It was Normarae's birthday yesterday, and the site seemed to be down every time I got on. It was one of the milestone birthdays, so don't forget to wish her well.
Not afraid to say it was the big 6-0. I'm pretty proud of it actually.
To be on topic: I sat yesterday and started my journal that I'm determined to keep up for the decade, and I was thinking of where I saw myself at 60 when I was a mormon teenager. And then, where I actually am. Boy, was I ever off target. I saw myself living the life my oldest brother's wife lives. And I'm sure she's happy with it. My fantasies would have had me having been married around 40 years to a worthy boring priesthood holder who has at least been a bishop, at least 5 children, all married in the temple, starting on my slew of grandchildren, staying at home and never having had to work, going to the temple often, all my social life and friendships centered around and based on TSCC, serving in high leadership positions, living in Utah or Idaho, blah blah blah, and celebrating my 60th with all the kiddies and grandkiddies and a big happy family photo with all of us in khaki's and blue shirts.
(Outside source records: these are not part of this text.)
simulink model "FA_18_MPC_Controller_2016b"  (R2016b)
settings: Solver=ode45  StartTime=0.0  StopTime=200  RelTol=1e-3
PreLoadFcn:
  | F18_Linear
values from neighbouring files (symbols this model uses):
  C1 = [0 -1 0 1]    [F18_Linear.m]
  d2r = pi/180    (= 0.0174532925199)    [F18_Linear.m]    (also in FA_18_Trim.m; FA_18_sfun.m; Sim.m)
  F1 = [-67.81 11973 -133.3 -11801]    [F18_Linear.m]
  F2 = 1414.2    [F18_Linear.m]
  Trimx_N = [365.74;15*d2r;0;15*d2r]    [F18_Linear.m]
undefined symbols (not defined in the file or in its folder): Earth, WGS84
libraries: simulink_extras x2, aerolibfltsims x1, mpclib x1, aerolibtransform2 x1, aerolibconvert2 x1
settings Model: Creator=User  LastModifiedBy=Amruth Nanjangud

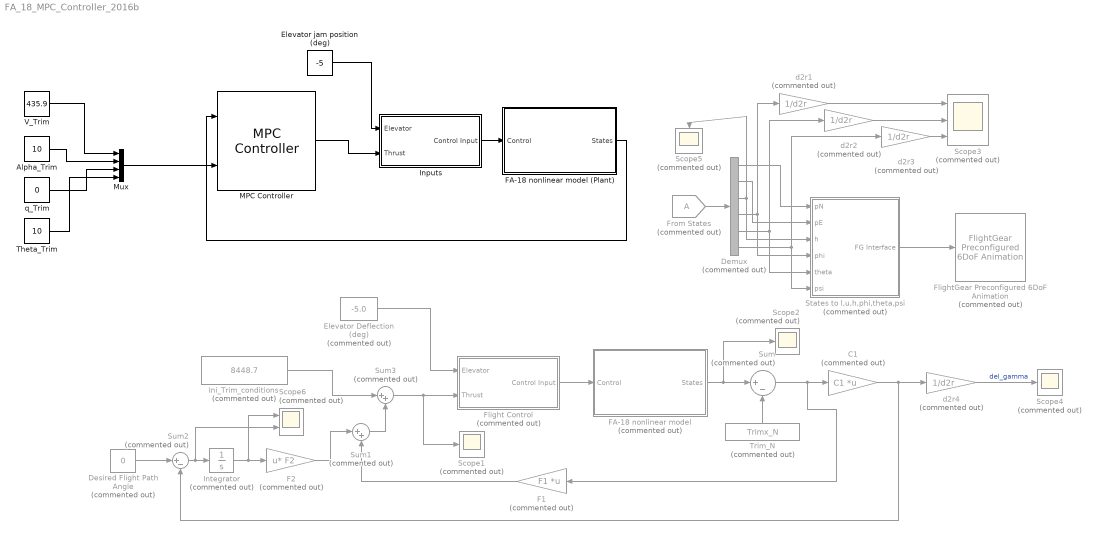
== system FA_18_MPC_Controller_2016b ==
  Alpha_Trim : Constant  Value=10
  C1 : Gain  Commented=on  Gain=C1  Multiplication=Matrix(K*u)
  Demux : Demux  Commented=on  Outputs=6
  Desired Flight Path Angle : Constant  Commented=on  Value=0
  Elevator Deflection (deg) : Constant  Commented=on  Value=-5.0
  Elevator jam position (deg) : Constant  Value=-5
  F1 : Gain  Commented=on  Gain=F1  Multiplication=Matrix(K*u)
  F2 : Gain  Commented=on  Gain=F2  Multiplication=Matrix(u*K)
  FA-18 nonlinear model : Subsystem  Commented=on
  FA-18 nonlinear model (Plant) : Subsystem
  Flight Control : Subsystem  Commented=on
  FlightGear Preconfigured 6DoF Animation : aerolibfltsims/FlightGear Preconfigured 6DoF Animation  Commented=on  xFlightGearVersion=v2016.1  DestinationIpAddress=127.0.0.1  DestinationPort=5502  SampleTime=1/30
  From States : From  Commented=on  TagVisibility=global
  Ini_Trim_conditions : Constant  Commented=on  Value=8448.7
  "Inputs " : Subsystem
  Integrator : Integrator  Commented=on
  MPC Controller : mpclib/MPC Controller  SCDEnableBlockLinearizationSpecification=on  mpcobj=mpc1  is_multiple=0  enable_value=0  return_u0=off  ref_from_ws=off  ref_signal_name=[]  ref_preview=off  md_from_ws=off  md_signal_name=[]  md_preview=off  from_project=off  project_file=MPCtask.mat  md_inport=off  mv_inport=off  cost_outport=off  return_sequence=off  return_qpstatus=off  return_state=off  state_inport=off  lims_inport=off  ywt_inport=off  is_designfromscratch=0  uwt_inport=off  duwt_inport=off  rhoeps_inport=off  uref_inport=off  n_ts=0.1  n_mv=1  n_md=0  n_ud=0  n_mo=4  n_uo=0  BlockDataType=double  SampleTimeInherited=off  switch_inport=off
  Mux : Mux
  Scope{1..2,4..5} (4 alike) : Scope  Commented=on
  Scope3 : Scope  Commented=on  NumInputPorts=3
  Scope6 : Scope  Commented=on  NumInputPorts=2
  States to l,u,h,phi,theta,psi : Subsystem  Commented=on
  Sum : Sum  Commented=on  Inputs=|+-
  Sum1 : Sum  Commented=on  Inputs=|++
  Sum2 : Sum  Commented=on  Inputs=|+-
  Sum3 : Sum  Commented=on  Inputs=|++
  Theta_Trim : Constant  Value=10
  Trim_N : Constant  Commented=on  Value=Trimx_N
  V_Trim : Constant  Value=435.9
  d2r{1..4} (4 alike) : Gain  Commented=on  Gain=1/d2r
  q_Trim : Constant  Value=0
  wires:
  Flight Control/1(Control Input) -> FA-18 nonlinear model/1(Control)
  Elevator Deflection (deg)/1 -> Flight Control/1(Elevator)
  FA-18 nonlinear model/1(States) -> Scope2/1, Sum/1
  Trim_N/1 -> Sum/2
  d2r4/1 -> Scope4/1  "del_gamma"
  Sum2/1 -> Scope6/2, Integrator/1
  Integrator/1 -> Scope6/1, F2/1
  Desired Flight Path Angle/1 -> Sum2/1
  C1/1 -> d2r4/1, Sum2/2
  F2/1 -> Sum1/1
  Sum1/1 -> Sum3/2
  F1/1 -> Sum1/2
  Sum3/1 -> Scope1/1, Flight Control/2(Thrust)
  Ini_Trim_conditions/1 -> Sum3/1
  Sum/1 -> F1/1, C1/1
  States to l,u,h,phi,theta,psi/1(FG Interface) -> FlightGear Preconfigured 6DoF Animation/1
  From States/1 -> Demux/1
  Demux/1 -> States to l,u,h,phi,theta,psi/1(pN)
  Demux/2 -> States to l,u,h,phi,theta,psi/2(pE)
  Demux/5 -> States to l,u,h,phi,theta,psi/5(theta), d2r2/1
  Demux/6 -> d2r3/1, States to l,u,h,phi,theta,psi/6(psi)
  Demux/4 -> d2r1/1, States to l,u,h,phi,theta,psi/4(phi)
  d2r1/1 -> Scope3/1
  d2r2/1 -> Scope3/2
  d2r3/1 -> Scope3/3
  Demux/3 -> Scope5/1, States to l,u,h,phi,theta,psi/3(h)
  "Inputs "/1(Control Input) -> FA-18 nonlinear model (Plant)/1(Control)
  MPC Controller/1 -> "Inputs "/2(Thrust)
  Elevator jam position (deg)/1 -> "Inputs "/1(Elevator)
  FA-18 nonlinear model (Plant)/1(States) -> MPC Controller/1
  Mux/1 -> MPC Controller/2
  V_Trim/1 -> Mux/1
  Alpha_Trim/1 -> Mux/2
  q_Trim/1 -> Mux/3
  Theta_Trim/1 -> Mux/4

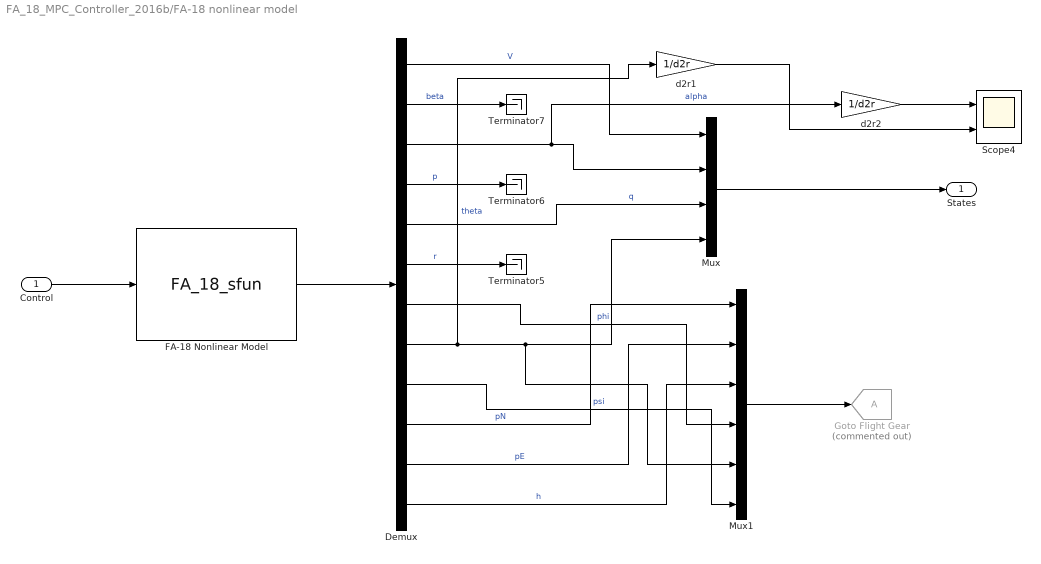
== system FA_18_MPC_Controller_2016b/FA-18 nonlinear model ==
  Control : Inport
  Demux : Demux  Outputs=12
  FA-18 Nonlinear Model : S-Function  FunctionName=FA_18_sfun  SFunctionDeploymentMode=off  EnableBusSupport=off
  Goto Flight Gear : Goto  Commented=on  TagVisibility=global
  Mux : Mux
  Mux1 : Mux  Inputs=6
  Scope4 : Scope  NumInputPorts=2
  Terminator5 : Terminator
  Terminator6 : Terminator
  Terminator7 : Terminator
  d2r1 : Gain  Gain=1/d2r
  d2r2 : Gain  Gain=1/d2r
  States : Outport
  wires:
  Control/1 -> FA-18 Nonlinear Model/1
  Demux/1 -> Mux/1  "V"
  FA-18 Nonlinear Model/1 -> Demux/1
  Demux/3 -> d2r2/1, Mux/2  "alpha"
  Demux/8 -> Mux1/5, Mux/4, d2r1/1  "theta"
  Demux/12 -> Mux1/3  "h"
  Demux/9 -> Mux1/6  "psi"
  Demux/11 -> Mux1/2  "pE"
  Demux/2 -> Terminator7/1  "beta"
  Demux/10 -> Mux1/1  "pN"
  Demux/6 -> Terminator5/1  "r"
  Demux/5 -> Mux/3  "q"
  Mux/1 -> States/1
  Demux/4 -> Terminator6/1  "p"
  Mux1/1 -> Goto Flight Gear/1
  Demux/7 -> Mux1/4  "phi"
  d2r1/1 -> Scope4/2
  d2r2/1 -> Scope4/1

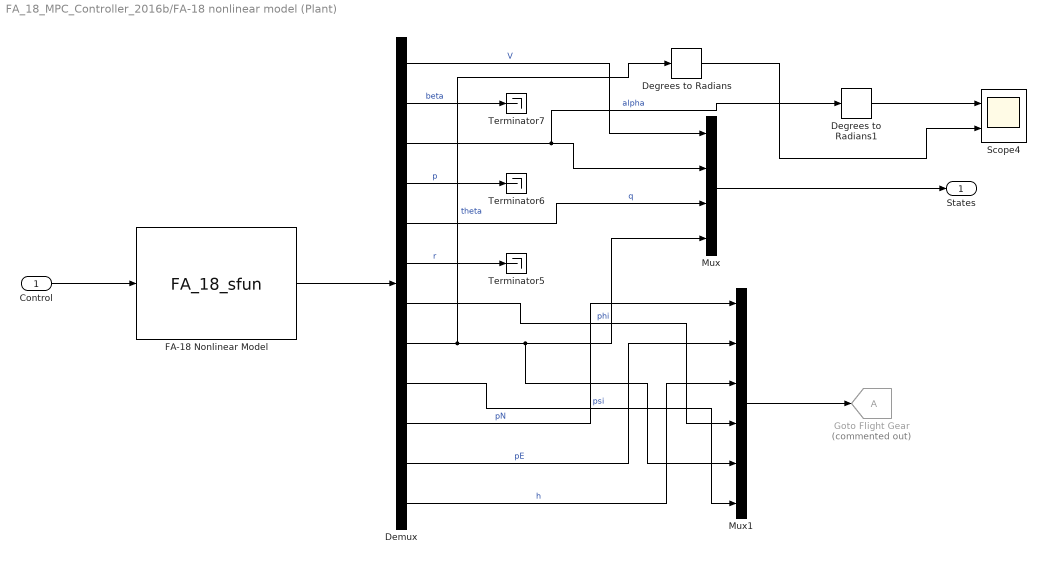
== system FA_18_MPC_Controller_2016b/FA-18 nonlinear model (Plant) ==
  Control : Inport
  Degrees to Radians : simulink_extras/Transformations/Degrees to Radians
  Degrees to Radians1 : simulink_extras/Transformations/Degrees to Radians
  Demux : Demux  Outputs=12
  FA-18 Nonlinear Model : S-Function  FunctionName=FA_18_sfun  SFunctionDeploymentMode=off  EnableBusSupport=off
  Goto Flight Gear : Goto  Commented=on  TagVisibility=global
  Mux : Mux
  Mux1 : Mux  Inputs=6
  Scope4 : Scope  NumInputPorts=2
  Terminator5 : Terminator
  Terminator6 : Terminator
  Terminator7 : Terminator
  States : Outport
  wires:
  Degrees to Radians1/1 -> Scope4/1
  Degrees to Radians/1 -> Scope4/2
  Demux/7 -> Mux1/4  "phi"
  Mux1/1 -> Goto Flight Gear/1
  Demux/4 -> Terminator6/1  "p"
  Mux/1 -> States/1
  Demux/5 -> Mux/3  "q"
  Demux/6 -> Terminator5/1  "r"
  Demux/10 -> Mux1/1  "pN"
  Demux/2 -> Terminator7/1  "beta"
  Demux/11 -> Mux1/2  "pE"
  Demux/9 -> Mux1/6  "psi"
  Demux/12 -> Mux1/3  "h"
  Demux/8 -> Degrees to Radians/1, Mux/4, Mux1/5  "theta"
  Demux/3 -> Degrees to Radians1/1, Mux/2  "alpha"
  FA-18 Nonlinear Model/1 -> Demux/1
  Demux/1 -> Mux/1  "V"
  Control/1 -> FA-18 Nonlinear Model/1

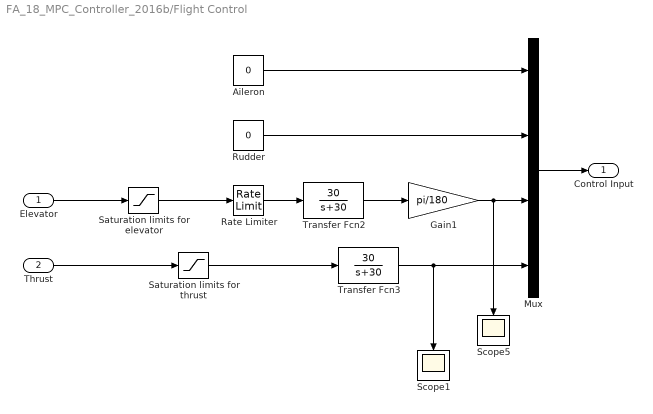
== system FA_18_MPC_Controller_2016b/Flight Control ==
  Elevator : Inport
  Thrust : Inport  Port=2
  Aileron : Constant  Value=0
  Gain1 : Gain  Gain=pi/180
  Mux : Mux
  Rate Limiter : RateLimiter  RisingSlewLimit=40  FallingSlewLimit=-40  SampleTimeMode=inherited
  Rudder : Constant  Value=0
  Saturation limits for elevator : Saturate  UpperLimit=10.5  LowerLimit=-24
  Saturation limits for thrust : Saturate  UpperLimit=20000  LowerLimit=0
  Scope1 : Scope
  Scope5 : Scope
  Transfer Fcn2 : TransferFcn  Numerator=[30]  Denominator=[1 30]
  Transfer Fcn3 : TransferFcn  Numerator=[30]  Denominator=[1 30]
  Control Input : Outport
  wires:
  Mux/1 -> Control Input/1
  Aileron/1 -> Mux/1
  Thrust/1 -> Saturation limits for thrust/1
  Transfer Fcn3/1 -> Scope1/1, Mux/4
  Rudder/1 -> Mux/2
  Saturation limits for thrust/1 -> Transfer Fcn3/1
  Saturation limits for elevator/1 -> Rate Limiter/1
  Rate Limiter/1 -> Transfer Fcn2/1
  Elevator/1 -> Saturation limits for elevator/1
  Gain1/1 -> Mux/3, Scope5/1
  Transfer Fcn2/1 -> Gain1/1

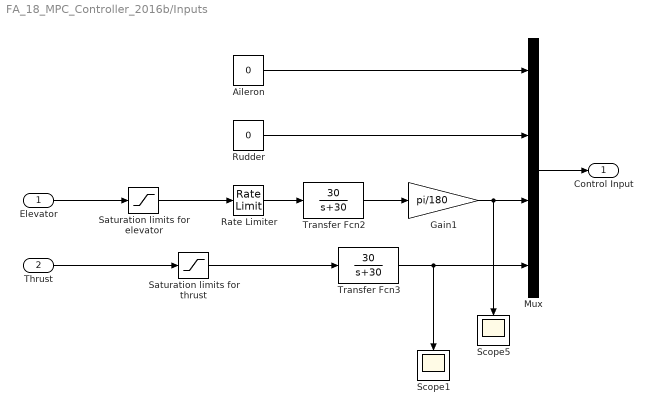
== system FA_18_MPC_Controller_2016b/Inputs  ==
  Elevator : Inport
  Thrust : Inport  Port=2
  Aileron : Constant  Value=0
  Gain1 : Gain  Gain=pi/180
  Mux : Mux
  Rate Limiter : RateLimiter  RisingSlewLimit=40  FallingSlewLimit=-40  SampleTimeMode=inherited
  Rudder : Constant  Value=0
  Saturation limits for elevator : Saturate  UpperLimit=10.5  LowerLimit=-24
  Saturation limits for thrust : Saturate  UpperLimit=20000  LowerLimit=0
  Scope1 : Scope
  Scope5 : Scope
  Transfer Fcn2 : TransferFcn  Numerator=[30]  Denominator=[1 30]
  Transfer Fcn3 : TransferFcn  Numerator=[30]  Denominator=[1 30]
  Control Input : Outport
  wires:
  Transfer Fcn2/1 -> Gain1/1
  Gain1/1 -> Scope5/1, Mux/3
  Elevator/1 -> Saturation limits for elevator/1
  Rate Limiter/1 -> Transfer Fcn2/1
  Saturation limits for elevator/1 -> Rate Limiter/1
  Saturation limits for thrust/1 -> Transfer Fcn3/1
  Rudder/1 -> Mux/2
  Transfer Fcn3/1 -> Mux/4, Scope1/1
  Thrust/1 -> Saturation limits for thrust/1
  Aileron/1 -> Mux/1
  Mux/1 -> Control Input/1

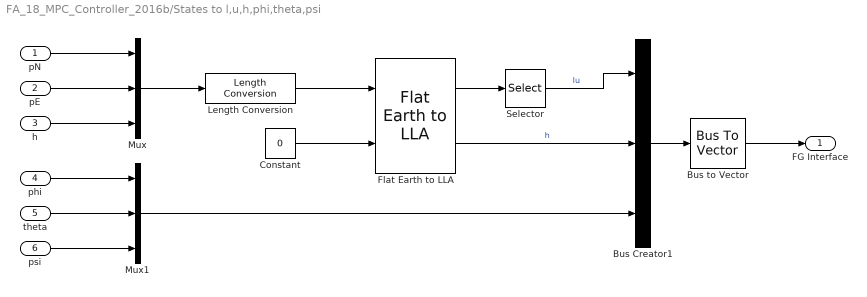
== system FA_18_MPC_Controller_2016b/States to l,u,h,phi,theta,psi ==
  pN : Inport
  pE : Inport  Port=2
  h : Inport  Port=3
  phi : Inport  Port=4
  theta : Inport  Port=5
  psi : Inport  Port=6
  Bus Creator1 : BusCreator  Inputs=3
  Bus to Vector : BusToVector
  Constant : Constant  Value=0
  Flat Earth to LLA : aerolibtransform2/Flat Earth to LLA  units=Metric (MKS)  ptype=Earth (WGS84)  F=1/298.257223563  R=6378137  LL0=[50.1018 14.2632]  psi=0
  Length Conversion : aerolibconvert2/Length Conversion  IU=ft  OU=m
  Mux : Mux  Inputs=3
  Mux1 : Mux  Inputs=3
  Selector : Selector  IndexMode=Zero-based  InputPortWidth=2  IndexOptions=Index vector (dialog)  Indices=[1 0]  OutputSizes=1
  FG Interface : Outport
  wires:
  Constant/1 -> Flat Earth to LLA/2
  Length Conversion/1 -> Flat Earth to LLA/1
  Bus to Vector/1 -> FG Interface/1
  Bus Creator1/1 -> Bus to Vector/1
  Flat Earth to LLA/1 -> Selector/1
  Selector/1 -> Bus Creator1/1  "lu"
  Flat Earth to LLA/2 -> Bus Creator1/2  "h"
  pN/1 -> Mux/1
  pE/1 -> Mux/2
  h/1 -> Mux/3
  Mux/1 -> Length Conversion/1
  theta/1 -> Mux1/2
  phi/1 -> Mux1/1
  psi/1 -> Mux1/3
  Mux1/1 -> Bus Creator1/3

You get the picture.
Thinking of that, all I can say is Oh, God, kill me now! It makes me glad that my life didn't go according to plan. It's been a true roller coaster ride. The lows have been pretty low, but the highs have been halfway to heaven. And the birthday celebrations have been ecstatic. They're still going on till the weekend. I'm surrounded by real friends, incredibly smart people, and working a job that I love and hope to spend another decade at. And most of all, I'm not encumbered by false guilt and fear. I'm not living this life for the next one. I live each day as fully as I can NOW.